January 16, 2024
NEW DELHI – The World Economic Forum on Monday said over half (56 per cent) of chief economists expect the global economy to weaken in 2024.
According to the latest ‘Chief Economists Outlook’ the global economic prospects remain subdued and uncertain. Challenges include tight financial conditions, geopolitical rifts, and the rapid development of generativeartificial intelligence (AI).
With governments increasingly utilising industrial policy tools, there is a near-unanimous expectation of continued lack of coordination between countries, it said.
The report further highlighted that 43 per cent of chief economists predict unchanged or improved conditions, while a significant majority expect labour markets (77 pc) and financial conditions (70 pc) to relax in the coming year.
Despite regional variations in growth forecasts, no region is expected to experience very strong growth in 2024, although there has been a reduction in high inflation expectations across all regions.

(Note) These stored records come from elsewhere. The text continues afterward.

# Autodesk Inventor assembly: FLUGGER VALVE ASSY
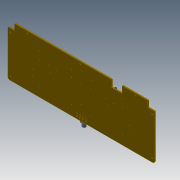
[picture p0: Inventor's stored thumbnail of the model, 180x180]
Saved by Autodesk Inventor 2020.3 (Build 243373000, 373)
## iProperties
RuleStatus: InUse
AfterDocSave0: file://Part Number Cleaner
Created: 2019-10-25
Vendor: HHMI: JRC - ID&F
Document SubType Name: Assembly
Designer: arnoldj
DESIGN DEPARTMENT: HHMI: JRC - ID&F
ALTERED ITEM PART NUMBER: N/A
ALTERED ITEM VENDOR: N/A
ALTERED ITEM DESCRIPTION: N/A
Author: arnoldj
Revision Number: 0
## Documents named in this file (11)
- C:\_WORKSPACE\DATA\PROJECTS\_PROJECTS BY LAB\CARD (LAB)\FLUGGER\FLUGGER VALVE ASSY.iam
- C:\_WORKSPACE\DATA\COMMON\McMaster\MCMASTER 6124K278_AIR DIRECTIONAL CONTROL VALVE.ipt
- C:\_WORKSPACE\DATA\PROJECTS\_PROJECTS BY LAB\CARD (LAB)\FLUGGER\FLUGGER AIR VALVE MTG BRKT.ipt
- C:\_WORKSPACE\DATA\PROJECTS\_PROJECTS BY LAB\CARD (LAB)\FLUGGER\FLUGGER REGULATOR ASSY.iam
- C:\_WORKSPACE\DATA\COMMON\McMaster\MCMASTER 5779K627 WYE.ipt
- C:\_WORKSPACE\DATA\COMMON\McMaster\5779K109_PUSH-TO-CONNECT TUBE FITTING FOR AIR.ipt
- C:\_WORKSPACE\DATA\COMMON\McMaster\MCMASTER 51235K134.ipt
- C:\_WORKSPACE\DATA\COMMON\McMaster\MCMASTER 9164K12.ipt
- C:\_WORKSPACE\DATA\COMMON\Beduan\Beduan 2 WAY NC DC 24V SOLENOID VALVE 0_25 NPT.ipt
- C:\_WORKSPACE\DATA\COMMON\McMaster\MCMASTER 51025K184 PUSH TO CONNECT FITTING.ipt
- C:\_WORKSPACE\DATA\COMMON\McMaster\MCMASTER 5779K36 PUSH TO CONNECT TEE.ipt
## Components (23 placed, 10 different names)
1. FLUGGER AIR VALVE MTG BRKT:1 — Mate:2, Mate:3, Mate:5, Mate:6, Flush:1, Mate:7, Mate:8, Mate:9, Mate:10, Mate:11, Mate:12, Mate:13, Mate:14, Mate:44, Mate:45, Angle:2, Angle:3
2. MCMASTER 6124K278_AIR DIRECTIONAL CONTROL VALVE:1 — Mate:2, Mate:3, Mate:7, Mate:19, Mate:20, Mate:21, Mate:22, Mate:25, Mate:26, Mate:40, Mate:41, Mate:42, Mate:43
3. MCMASTER 6124K278_AIR DIRECTIONAL CONTROL VALVE:2 — Mate:5, Mate:6, Mate:8, Mate:15, Mate:16, Mate:17, Mate:18, Mate:23, Mate:24, Mate:36, Mate:37, Mate:38, Mate:39
4. FLUGGER REGULATOR ASSY:1 [sub-assembly] — Mate:9, Mate:10, Mate:11, Mate:27, Mate:28, Mate:31, Mate:32
5. FLUGGER REGULATOR ASSY:2 [sub-assembly] — Mate:12, Mate:13, Mate:14, Mate:29, Mate:30, Mate:33, Mate:34
6. MCMASTER 5779K627 WYE:1 — Mate:15, Mate:16
7. MCMASTER 5779K627 WYE:2 — Mate:17, Mate:18
8. MCMASTER 5779K627 WYE:3 — Mate:21, Mate:22
9. MCMASTER 5779K627 WYE:4 — Mate:19, Mate:20
10. 5779K109_PUSH-TO-CONNECT TUBE FITTING FOR AIR:1 — Mate:23, Mate:24
11. 5779K109_PUSH-TO-CONNECT TUBE FITTING FOR AIR:2 — Mate:27, Mate:28
12. 5779K109_PUSH-TO-CONNECT TUBE FITTING FOR AIR:3 — Mate:25, Mate:26
13. 5779K109_PUSH-TO-CONNECT TUBE FITTING FOR AIR:4 — Mate:29, Mate:30
14. MCMASTER 51235K134:1 — Mate:31, Mate:32
15. MCMASTER 51235K134:2 — Mate:33, Mate:34, Angle:1
16. MCMASTER 9164K12:1 — Mate:36, Mate:37
17. MCMASTER 9164K12:2 — Mate:38, Mate:39
18. MCMASTER 9164K12:3 — Mate:40, Mate:41
19. MCMASTER 9164K12:4 — Mate:42, Mate:43
20. Beduan 2 WAY NC DC 24V SOLENOID VALVE 0_25 NPT:1 — Mate:44, Mate:45, Angle:2, Mate:46, Mate:47, Mate:48, Mate:49
21. MCMASTER 51025K184 PUSH TO CONNECT FITTING:1 — Mate:46, Mate:47
22. MCMASTER 51025K184 PUSH TO CONNECT FITTING:2 — Mate:48, Mate:49, Mate:50, Mate:51
23. MCMASTER 5779K36 PUSH TO CONNECT TEE:1 — Mate:50, Angle:3, Mate:51
## Relationships (52: Mate 48, Angle 3, Flush 1)
- Mate:2: FLUGGER AIR VALVE MTG BRKT:1 ↔ MCMASTER 6124K278_AIR DIRECTIONAL CONTROL VALVE:1
- Mate:3: FLUGGER AIR VALVE MTG BRKT:1 ↔ MCMASTER 6124K278_AIR DIRECTIONAL CONTROL VALVE:1
- Mate:5: FLUGGER AIR VALVE MTG BRKT:1 ↔ MCMASTER 6124K278_AIR DIRECTIONAL CONTROL VALVE:2
- Mate:6: FLUGGER AIR VALVE MTG BRKT:1 ↔ MCMASTER 6124K278_AIR DIRECTIONAL CONTROL VALVE:2
- Flush:1: FLUGGER AIR VALVE MTG BRKT:1
- Mate:7: FLUGGER AIR VALVE MTG BRKT:1 ↔ MCMASTER 6124K278_AIR DIRECTIONAL CONTROL VALVE:1
- Mate:8: FLUGGER AIR VALVE MTG BRKT:1 ↔ MCMASTER 6124K278_AIR DIRECTIONAL CONTROL VALVE:2
- Mate:9: FLUGGER AIR VALVE MTG BRKT:1 ↔ FLUGGER REGULATOR ASSY:1
- Mate:10: FLUGGER AIR VALVE MTG BRKT:1 ↔ FLUGGER REGULATOR ASSY:1
- Mate:11: FLUGGER AIR VALVE MTG BRKT:1 ↔ FLUGGER REGULATOR ASSY:1
- Mate:12: FLUGGER AIR VALVE MTG BRKT:1 ↔ FLUGGER REGULATOR ASSY:2
- Mate:13: FLUGGER AIR VALVE MTG BRKT:1 ↔ FLUGGER REGULATOR ASSY:2
- Mate:14: FLUGGER AIR VALVE MTG BRKT:1 ↔ FLUGGER REGULATOR ASSY:2
- Mate:15 (2.54 mm): MCMASTER 6124K278_AIR DIRECTIONAL CONTROL VALVE:2 ↔ MCMASTER 5779K627 WYE:1
- Mate:16: MCMASTER 6124K278_AIR DIRECTIONAL CONTROL VALVE:2 ↔ MCMASTER 5779K627 WYE:1
- Mate:17 (2.54 mm): MCMASTER 6124K278_AIR DIRECTIONAL CONTROL VALVE:2 ↔ MCMASTER 5779K627 WYE:2
- Mate:18: MCMASTER 6124K278_AIR DIRECTIONAL CONTROL VALVE:2 ↔ MCMASTER 5779K627 WYE:2
- Mate:19 (2.54 mm): MCMASTER 6124K278_AIR DIRECTIONAL CONTROL VALVE:1 ↔ MCMASTER 5779K627 WYE:4
- Mate:20: MCMASTER 6124K278_AIR DIRECTIONAL CONTROL VALVE:1 ↔ MCMASTER 5779K627 WYE:4
- Mate:21 (2.54 mm): MCMASTER 6124K278_AIR DIRECTIONAL CONTROL VALVE:1 ↔ MCMASTER 5779K627 WYE:3
- Mate:22: MCMASTER 6124K278_AIR DIRECTIONAL CONTROL VALVE:1 ↔ MCMASTER 5779K627 WYE:3
- Mate:23 (2.54 mm): MCMASTER 6124K278_AIR DIRECTIONAL CONTROL VALVE:2 ↔ 5779K109_PUSH-TO-CONNECT TUBE FITTING FOR AIR:1
- Mate:24: MCMASTER 6124K278_AIR DIRECTIONAL CONTROL VALVE:2 ↔ 5779K109_PUSH-TO-CONNECT TUBE FITTING FOR AIR:1
- Mate:25 (2.54 mm): MCMASTER 6124K278_AIR DIRECTIONAL CONTROL VALVE:1 ↔ 5779K109_PUSH-TO-CONNECT TUBE FITTING FOR AIR:3
- Mate:26: MCMASTER 6124K278_AIR DIRECTIONAL CONTROL VALVE:1 ↔ 5779K109_PUSH-TO-CONNECT TUBE FITTING FOR AIR:3
- Mate:27 (2.54 mm): FLUGGER REGULATOR ASSY:1 ↔ 5779K109_PUSH-TO-CONNECT TUBE FITTING FOR AIR:2
- Mate:28: FLUGGER REGULATOR ASSY:1 ↔ 5779K109_PUSH-TO-CONNECT TUBE FITTING FOR AIR:2
- Mate:29 (2.54 mm): FLUGGER REGULATOR ASSY:2 ↔ 5779K109_PUSH-TO-CONNECT TUBE FITTING FOR AIR:4
- Mate:30: FLUGGER REGULATOR ASSY:2 ↔ 5779K109_PUSH-TO-CONNECT TUBE FITTING FOR AIR:4
- Mate:31: FLUGGER REGULATOR ASSY:1 ↔ MCMASTER 51235K134:1
- Mate:32: FLUGGER REGULATOR ASSY:1 ↔ MCMASTER 51235K134:1
- Mate:33: FLUGGER REGULATOR ASSY:2 ↔ MCMASTER 51235K134:2
- Mate:34: FLUGGER REGULATOR ASSY:2 ↔ MCMASTER 51235K134:2
- Angle:1 (180 deg): MCMASTER 51235K134:2
- Mate:36: MCMASTER 6124K278_AIR DIRECTIONAL CONTROL VALVE:2 ↔ MCMASTER 9164K12:1
- Mate:37: MCMASTER 6124K278_AIR DIRECTIONAL CONTROL VALVE:2 ↔ MCMASTER 9164K12:1
- Mate:38: MCMASTER 6124K278_AIR DIRECTIONAL CONTROL VALVE:2 ↔ MCMASTER 9164K12:2
- Mate:39: MCMASTER 6124K278_AIR DIRECTIONAL CONTROL VALVE:2 ↔ MCMASTER 9164K12:2
- Mate:40: MCMASTER 6124K278_AIR DIRECTIONAL CONTROL VALVE:1 ↔ MCMASTER 9164K12:3
- Mate:41: MCMASTER 6124K278_AIR DIRECTIONAL CONTROL VALVE:1 ↔ MCMASTER 9164K12:3
- Mate:42: MCMASTER 6124K278_AIR DIRECTIONAL CONTROL VALVE:1 ↔ MCMASTER 9164K12:4
- Mate:43: MCMASTER 6124K278_AIR DIRECTIONAL CONTROL VALVE:1 ↔ MCMASTER 9164K12:4
- Mate:44: FLUGGER AIR VALVE MTG BRKT:1 ↔ Beduan 2 WAY NC DC 24V SOLENOID VALVE 0_25 NPT:1
- Mate:45: FLUGGER AIR VALVE MTG BRKT:1 ↔ Beduan 2 WAY NC DC 24V SOLENOID VALVE 0_25 NPT:1
- Angle:2 (180 deg): FLUGGER AIR VALVE MTG BRKT:1 ↔ Beduan 2 WAY NC DC 24V SOLENOID VALVE 0_25 NPT:1
- Mate:46: Beduan 2 WAY NC DC 24V SOLENOID VALVE 0_25 NPT:1 ↔ MCMASTER 51025K184 PUSH TO CONNECT FITTING:1
- Mate:47: Beduan 2 WAY NC DC 24V SOLENOID VALVE 0_25 NPT:1 ↔ MCMASTER 51025K184 PUSH TO CONNECT FITTING:1
- Mate:48: Beduan 2 WAY NC DC 24V SOLENOID VALVE 0_25 NPT:1 ↔ MCMASTER 51025K184 PUSH TO CONNECT FITTING:2
- Mate:49: Beduan 2 WAY NC DC 24V SOLENOID VALVE 0_25 NPT:1 ↔ MCMASTER 51025K184 PUSH TO CONNECT FITTING:2
- Mate:50 (12.7 mm): MCMASTER 51025K184 PUSH TO CONNECT FITTING:2 ↔ MCMASTER 5779K36 PUSH TO CONNECT TEE:1
- Angle:3 (0 deg): FLUGGER AIR VALVE MTG BRKT:1 ↔ MCMASTER 5779K36 PUSH TO CONNECT TEE:1
- Mate:51: MCMASTER 51025K184 PUSH TO CONNECT FITTING:2 ↔ MCMASTER 5779K36 PUSH TO CONNECT TEE:1

The economic outlook for South Asia and East Asia and Pacific remains positive and largely consistent with previous surveys, with the majority expecting at least moderate growth in 2024 (93 and 86 per cent, respectively).
However, China’s outlook is more cautious, with 69 per cent predicting moderate growth due to weak consumption, decreased industrial production, and concerns in the property market.
Saadia Zahidi, Managing Director, World Economic Forum, said, “Amid accelerating divergence, the resilience of the global economy will continue to be tested in the year ahead. Though global inflation is easing, growth is stalling, financial conditions remain tight, global tensions are deepening and inequalities are rising – highlighting the urgent need for global cooperation to build momentum for sustainable, inclusive economic growth.”
Interestingly, the report highlighted that in Europe, the economic forecast has significantly deteriorated since September 2023, with 77 per cent of respondents anticipating weak or very weak growth.
The outlook in the United States and the Middle East and North Africa has also dimmed, with approximately 60 per cent predicting moderate or stronger growth this year, a decrease from 78% and 79 per cent, respectively.
However, growth expectations in Latin America and the Caribbean, sub-Saharan Africa, and Central Asia have improved, with predictions pointing towards moderate growth.
More importantly, about 70 per cent of chief economists believe that geo-economic fragmentation will intensify this year. Many suggest that geopolitical factors will contribute to volatility in the global economy and stock markets, promote localisation, strengthen geo-economic blocs, and expand the North-South divide over the next three years.